*** Opening The records ***
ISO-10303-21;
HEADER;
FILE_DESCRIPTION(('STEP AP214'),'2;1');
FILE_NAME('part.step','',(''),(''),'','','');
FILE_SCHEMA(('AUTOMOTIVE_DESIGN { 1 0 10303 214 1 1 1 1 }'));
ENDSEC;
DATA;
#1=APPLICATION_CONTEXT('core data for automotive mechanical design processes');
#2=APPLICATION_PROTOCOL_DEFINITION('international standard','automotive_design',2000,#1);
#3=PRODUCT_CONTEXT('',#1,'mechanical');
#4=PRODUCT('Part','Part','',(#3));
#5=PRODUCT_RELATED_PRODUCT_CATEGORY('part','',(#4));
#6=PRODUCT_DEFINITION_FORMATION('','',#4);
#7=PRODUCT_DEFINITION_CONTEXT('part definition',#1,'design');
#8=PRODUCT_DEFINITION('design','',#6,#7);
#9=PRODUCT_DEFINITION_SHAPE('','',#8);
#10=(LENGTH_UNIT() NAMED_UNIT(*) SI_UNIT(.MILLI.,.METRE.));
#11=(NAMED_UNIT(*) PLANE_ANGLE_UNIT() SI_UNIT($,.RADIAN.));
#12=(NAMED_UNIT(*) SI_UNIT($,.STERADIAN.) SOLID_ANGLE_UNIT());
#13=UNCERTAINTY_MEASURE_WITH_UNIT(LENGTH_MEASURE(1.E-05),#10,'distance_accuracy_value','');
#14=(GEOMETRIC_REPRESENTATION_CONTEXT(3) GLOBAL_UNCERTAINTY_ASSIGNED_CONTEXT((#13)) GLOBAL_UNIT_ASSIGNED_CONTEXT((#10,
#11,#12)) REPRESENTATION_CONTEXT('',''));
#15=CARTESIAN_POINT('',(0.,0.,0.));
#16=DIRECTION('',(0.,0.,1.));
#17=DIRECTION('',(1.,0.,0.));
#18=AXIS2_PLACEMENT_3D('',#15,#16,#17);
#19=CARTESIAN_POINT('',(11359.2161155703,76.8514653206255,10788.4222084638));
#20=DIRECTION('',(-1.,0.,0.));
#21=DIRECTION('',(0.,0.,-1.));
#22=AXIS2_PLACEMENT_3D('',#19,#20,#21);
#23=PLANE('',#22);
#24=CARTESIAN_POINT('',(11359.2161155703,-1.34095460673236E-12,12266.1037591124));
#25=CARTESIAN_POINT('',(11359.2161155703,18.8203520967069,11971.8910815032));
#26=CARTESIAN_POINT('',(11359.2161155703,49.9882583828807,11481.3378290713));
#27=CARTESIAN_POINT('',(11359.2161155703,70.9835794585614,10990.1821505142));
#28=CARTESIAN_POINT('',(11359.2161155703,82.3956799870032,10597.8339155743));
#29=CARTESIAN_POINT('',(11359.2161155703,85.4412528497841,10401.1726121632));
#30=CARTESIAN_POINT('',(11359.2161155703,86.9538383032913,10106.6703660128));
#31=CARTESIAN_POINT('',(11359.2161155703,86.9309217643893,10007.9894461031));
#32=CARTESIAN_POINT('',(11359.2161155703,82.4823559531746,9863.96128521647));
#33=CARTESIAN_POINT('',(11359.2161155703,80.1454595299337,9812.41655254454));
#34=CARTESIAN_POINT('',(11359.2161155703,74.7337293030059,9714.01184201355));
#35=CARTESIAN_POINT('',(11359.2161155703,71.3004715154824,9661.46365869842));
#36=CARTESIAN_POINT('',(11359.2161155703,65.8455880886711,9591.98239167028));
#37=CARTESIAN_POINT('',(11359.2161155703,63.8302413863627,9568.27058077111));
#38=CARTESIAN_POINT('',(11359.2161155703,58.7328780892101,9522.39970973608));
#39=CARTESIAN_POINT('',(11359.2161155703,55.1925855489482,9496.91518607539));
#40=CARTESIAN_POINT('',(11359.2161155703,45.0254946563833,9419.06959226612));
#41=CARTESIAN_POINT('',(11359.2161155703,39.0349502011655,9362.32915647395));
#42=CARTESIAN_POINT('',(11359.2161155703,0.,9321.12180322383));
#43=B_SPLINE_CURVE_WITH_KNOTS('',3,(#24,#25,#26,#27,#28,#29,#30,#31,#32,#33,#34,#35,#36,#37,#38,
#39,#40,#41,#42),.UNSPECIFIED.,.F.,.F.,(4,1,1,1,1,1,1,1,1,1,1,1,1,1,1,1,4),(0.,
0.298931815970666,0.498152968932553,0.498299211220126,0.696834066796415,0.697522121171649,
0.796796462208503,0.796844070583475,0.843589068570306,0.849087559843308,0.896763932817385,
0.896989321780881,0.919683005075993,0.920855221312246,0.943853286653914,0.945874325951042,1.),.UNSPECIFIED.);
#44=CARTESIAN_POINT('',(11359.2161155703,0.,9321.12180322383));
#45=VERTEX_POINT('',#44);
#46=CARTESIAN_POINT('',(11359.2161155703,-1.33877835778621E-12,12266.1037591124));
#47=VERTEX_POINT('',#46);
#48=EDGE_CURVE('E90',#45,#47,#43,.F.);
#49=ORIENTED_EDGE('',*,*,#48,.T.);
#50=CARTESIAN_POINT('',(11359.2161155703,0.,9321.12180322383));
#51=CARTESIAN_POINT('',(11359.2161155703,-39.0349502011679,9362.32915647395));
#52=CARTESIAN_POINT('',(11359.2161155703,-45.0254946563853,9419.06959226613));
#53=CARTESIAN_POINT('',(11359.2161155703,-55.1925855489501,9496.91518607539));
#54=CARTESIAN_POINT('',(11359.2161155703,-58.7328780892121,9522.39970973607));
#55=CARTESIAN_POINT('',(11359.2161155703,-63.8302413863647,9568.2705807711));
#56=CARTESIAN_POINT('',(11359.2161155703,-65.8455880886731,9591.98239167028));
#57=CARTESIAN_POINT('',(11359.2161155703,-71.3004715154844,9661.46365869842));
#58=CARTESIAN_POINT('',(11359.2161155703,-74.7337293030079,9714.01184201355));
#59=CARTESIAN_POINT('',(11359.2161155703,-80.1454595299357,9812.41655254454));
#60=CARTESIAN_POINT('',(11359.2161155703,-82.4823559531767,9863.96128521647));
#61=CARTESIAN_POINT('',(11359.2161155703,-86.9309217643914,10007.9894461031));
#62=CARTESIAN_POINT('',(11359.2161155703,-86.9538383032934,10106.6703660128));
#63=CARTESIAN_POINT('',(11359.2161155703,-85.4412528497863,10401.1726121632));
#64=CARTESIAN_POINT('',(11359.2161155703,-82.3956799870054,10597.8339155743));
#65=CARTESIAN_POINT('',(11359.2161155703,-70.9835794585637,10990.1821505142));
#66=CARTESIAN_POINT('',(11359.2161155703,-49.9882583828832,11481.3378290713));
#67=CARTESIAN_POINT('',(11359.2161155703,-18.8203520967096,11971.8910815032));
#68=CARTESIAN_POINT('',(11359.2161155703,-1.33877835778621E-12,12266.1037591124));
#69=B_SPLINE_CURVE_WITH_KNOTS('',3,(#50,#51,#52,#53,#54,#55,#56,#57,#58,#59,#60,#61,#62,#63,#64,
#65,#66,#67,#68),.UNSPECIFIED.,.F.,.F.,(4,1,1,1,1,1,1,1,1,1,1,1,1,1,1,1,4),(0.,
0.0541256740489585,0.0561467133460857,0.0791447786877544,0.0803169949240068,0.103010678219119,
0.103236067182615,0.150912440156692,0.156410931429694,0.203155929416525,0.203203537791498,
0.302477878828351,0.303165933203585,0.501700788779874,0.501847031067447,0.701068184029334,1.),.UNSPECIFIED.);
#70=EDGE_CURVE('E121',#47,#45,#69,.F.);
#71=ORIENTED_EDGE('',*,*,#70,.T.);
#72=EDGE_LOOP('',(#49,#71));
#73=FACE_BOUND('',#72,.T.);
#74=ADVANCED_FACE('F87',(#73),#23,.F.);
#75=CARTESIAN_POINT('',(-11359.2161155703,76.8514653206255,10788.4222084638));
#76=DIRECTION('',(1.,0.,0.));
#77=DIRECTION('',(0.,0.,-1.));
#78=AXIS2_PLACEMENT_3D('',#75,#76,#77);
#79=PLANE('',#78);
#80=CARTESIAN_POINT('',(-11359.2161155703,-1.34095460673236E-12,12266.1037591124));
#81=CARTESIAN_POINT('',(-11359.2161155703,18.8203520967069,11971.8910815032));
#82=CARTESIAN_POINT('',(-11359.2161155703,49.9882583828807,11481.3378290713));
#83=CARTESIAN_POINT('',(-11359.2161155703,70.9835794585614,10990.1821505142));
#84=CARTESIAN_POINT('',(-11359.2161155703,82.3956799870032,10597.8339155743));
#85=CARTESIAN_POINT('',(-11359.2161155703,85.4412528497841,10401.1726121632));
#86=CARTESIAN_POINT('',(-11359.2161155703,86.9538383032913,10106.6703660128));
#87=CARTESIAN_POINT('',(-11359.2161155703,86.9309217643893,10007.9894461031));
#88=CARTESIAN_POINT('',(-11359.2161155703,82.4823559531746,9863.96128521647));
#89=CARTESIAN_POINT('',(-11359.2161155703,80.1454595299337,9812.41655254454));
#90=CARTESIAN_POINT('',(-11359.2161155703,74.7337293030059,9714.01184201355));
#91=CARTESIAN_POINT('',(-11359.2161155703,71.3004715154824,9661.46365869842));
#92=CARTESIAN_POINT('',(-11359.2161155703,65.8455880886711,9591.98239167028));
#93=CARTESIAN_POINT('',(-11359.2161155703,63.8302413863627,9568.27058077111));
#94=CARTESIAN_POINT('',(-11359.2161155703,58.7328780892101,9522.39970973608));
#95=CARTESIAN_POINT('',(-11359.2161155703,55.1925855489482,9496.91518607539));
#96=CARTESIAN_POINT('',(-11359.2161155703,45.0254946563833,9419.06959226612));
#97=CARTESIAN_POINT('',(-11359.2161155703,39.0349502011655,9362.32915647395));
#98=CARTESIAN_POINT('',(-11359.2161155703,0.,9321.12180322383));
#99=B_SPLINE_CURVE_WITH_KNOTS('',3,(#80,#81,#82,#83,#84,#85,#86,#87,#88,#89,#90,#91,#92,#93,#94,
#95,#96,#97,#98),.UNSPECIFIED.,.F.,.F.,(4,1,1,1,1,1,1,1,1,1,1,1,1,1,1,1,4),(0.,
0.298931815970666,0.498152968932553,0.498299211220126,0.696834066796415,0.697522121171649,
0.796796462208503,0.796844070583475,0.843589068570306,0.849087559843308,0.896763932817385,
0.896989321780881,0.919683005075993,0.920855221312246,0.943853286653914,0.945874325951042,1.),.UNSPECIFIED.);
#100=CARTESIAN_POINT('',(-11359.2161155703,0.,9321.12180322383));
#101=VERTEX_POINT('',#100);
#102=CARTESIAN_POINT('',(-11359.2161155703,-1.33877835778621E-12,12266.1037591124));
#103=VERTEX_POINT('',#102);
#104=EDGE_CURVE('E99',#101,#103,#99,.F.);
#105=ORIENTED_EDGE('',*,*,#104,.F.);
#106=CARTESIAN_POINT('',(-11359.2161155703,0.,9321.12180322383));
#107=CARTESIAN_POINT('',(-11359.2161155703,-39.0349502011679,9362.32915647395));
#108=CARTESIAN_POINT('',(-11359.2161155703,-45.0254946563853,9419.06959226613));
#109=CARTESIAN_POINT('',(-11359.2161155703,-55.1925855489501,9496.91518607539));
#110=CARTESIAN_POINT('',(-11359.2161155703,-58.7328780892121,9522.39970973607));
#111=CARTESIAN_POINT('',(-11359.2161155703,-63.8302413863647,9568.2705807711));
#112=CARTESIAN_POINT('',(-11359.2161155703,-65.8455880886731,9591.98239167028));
*** Closing The records ***
__Required work__
In the listing above, reproduce the first line and each one after it through the line that contains "#6=PRODUCT_DEFINITION_FORMATION('','',#4);".

__Solution for this exercise__
ISO-10303-21;
HEADER;
FILE_DESCRIPTION(('STEP AP214'),'2;1');
FILE_NAME('part.step','',(''),(''),'','','');
FILE_SCHEMA(('AUTOMOTIVE_DESIGN { 1 0 10303 214 1 1 1 1 }'));
ENDSEC;
DATA;
#1=APPLICATION_CONTEXT('core data for automotive mechanical design processes');
#2=APPLICATION_PROTOCOL_DEFINITION('international standard','automotive_design',2000,#1);
#3=PRODUCT_CONTEXT('',#1,'mechanical');
#4=PRODUCT('Part','Part','',(#3));
#5=PRODUCT_RELATED_PRODUCT_CATEGORY('part','',(#4));
#6=PRODUCT_DEFINITION_FORMATION('','',#4);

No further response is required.